## Task directions
Each line in the records that mentions the word "taraudage" needs to be listed.

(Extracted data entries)

=-=-=-=-=

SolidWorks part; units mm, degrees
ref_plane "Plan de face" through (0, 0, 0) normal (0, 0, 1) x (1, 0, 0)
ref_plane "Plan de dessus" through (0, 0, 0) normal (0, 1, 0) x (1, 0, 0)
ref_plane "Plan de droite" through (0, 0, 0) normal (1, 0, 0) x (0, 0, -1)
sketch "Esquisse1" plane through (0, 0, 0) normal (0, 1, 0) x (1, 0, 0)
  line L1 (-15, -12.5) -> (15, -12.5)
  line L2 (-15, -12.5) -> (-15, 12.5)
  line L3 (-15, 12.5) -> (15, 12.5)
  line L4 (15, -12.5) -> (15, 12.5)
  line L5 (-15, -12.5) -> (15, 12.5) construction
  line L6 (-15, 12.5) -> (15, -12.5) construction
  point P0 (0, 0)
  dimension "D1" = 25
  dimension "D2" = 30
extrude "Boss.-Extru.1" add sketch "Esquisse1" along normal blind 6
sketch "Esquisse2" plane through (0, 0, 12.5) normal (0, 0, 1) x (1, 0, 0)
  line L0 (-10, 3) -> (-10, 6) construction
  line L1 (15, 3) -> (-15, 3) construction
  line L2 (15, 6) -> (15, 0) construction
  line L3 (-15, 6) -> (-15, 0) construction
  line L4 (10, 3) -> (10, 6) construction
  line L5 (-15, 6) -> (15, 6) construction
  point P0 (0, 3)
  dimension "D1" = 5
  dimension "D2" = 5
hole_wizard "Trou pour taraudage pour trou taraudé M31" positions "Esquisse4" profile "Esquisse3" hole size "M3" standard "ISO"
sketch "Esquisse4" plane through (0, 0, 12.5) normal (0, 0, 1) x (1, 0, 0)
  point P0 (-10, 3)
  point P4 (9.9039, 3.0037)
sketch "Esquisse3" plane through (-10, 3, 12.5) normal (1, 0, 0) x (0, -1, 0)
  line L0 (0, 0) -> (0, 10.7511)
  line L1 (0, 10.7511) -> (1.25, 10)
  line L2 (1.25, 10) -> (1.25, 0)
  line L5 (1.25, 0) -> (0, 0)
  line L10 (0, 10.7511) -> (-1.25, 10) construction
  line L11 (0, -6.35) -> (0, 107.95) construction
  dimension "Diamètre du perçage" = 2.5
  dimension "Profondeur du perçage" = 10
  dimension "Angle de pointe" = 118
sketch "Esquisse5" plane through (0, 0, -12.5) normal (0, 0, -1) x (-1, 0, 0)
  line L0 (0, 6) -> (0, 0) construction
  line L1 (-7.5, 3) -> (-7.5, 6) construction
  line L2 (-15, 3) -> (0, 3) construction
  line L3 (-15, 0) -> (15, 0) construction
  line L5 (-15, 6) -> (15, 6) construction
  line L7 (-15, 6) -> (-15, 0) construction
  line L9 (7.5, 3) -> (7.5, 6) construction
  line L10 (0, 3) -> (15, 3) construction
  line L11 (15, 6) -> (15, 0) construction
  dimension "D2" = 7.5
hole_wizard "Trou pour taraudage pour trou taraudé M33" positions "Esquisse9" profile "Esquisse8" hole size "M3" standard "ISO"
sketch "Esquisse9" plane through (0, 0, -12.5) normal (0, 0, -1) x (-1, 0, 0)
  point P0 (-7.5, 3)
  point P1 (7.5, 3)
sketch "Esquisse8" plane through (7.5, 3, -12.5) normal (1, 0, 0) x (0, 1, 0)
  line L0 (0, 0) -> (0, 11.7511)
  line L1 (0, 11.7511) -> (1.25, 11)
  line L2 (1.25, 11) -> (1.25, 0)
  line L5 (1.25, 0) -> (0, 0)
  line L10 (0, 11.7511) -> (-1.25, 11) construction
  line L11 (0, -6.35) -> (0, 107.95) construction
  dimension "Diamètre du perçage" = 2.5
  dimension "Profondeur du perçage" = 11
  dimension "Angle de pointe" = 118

=-=-=-=-=

## Your solution
hole_wizard "Trou pour taraudage pour trou taraudé M31" positions "Esquisse4" profile "Esquisse3" hole size "M3" standard "ISO"
hole_wizard "Trou pour taraudage pour trou taraudé M33" positions "Esquisse9" profile "Esquisse8" hole size "M3" standard "ISO"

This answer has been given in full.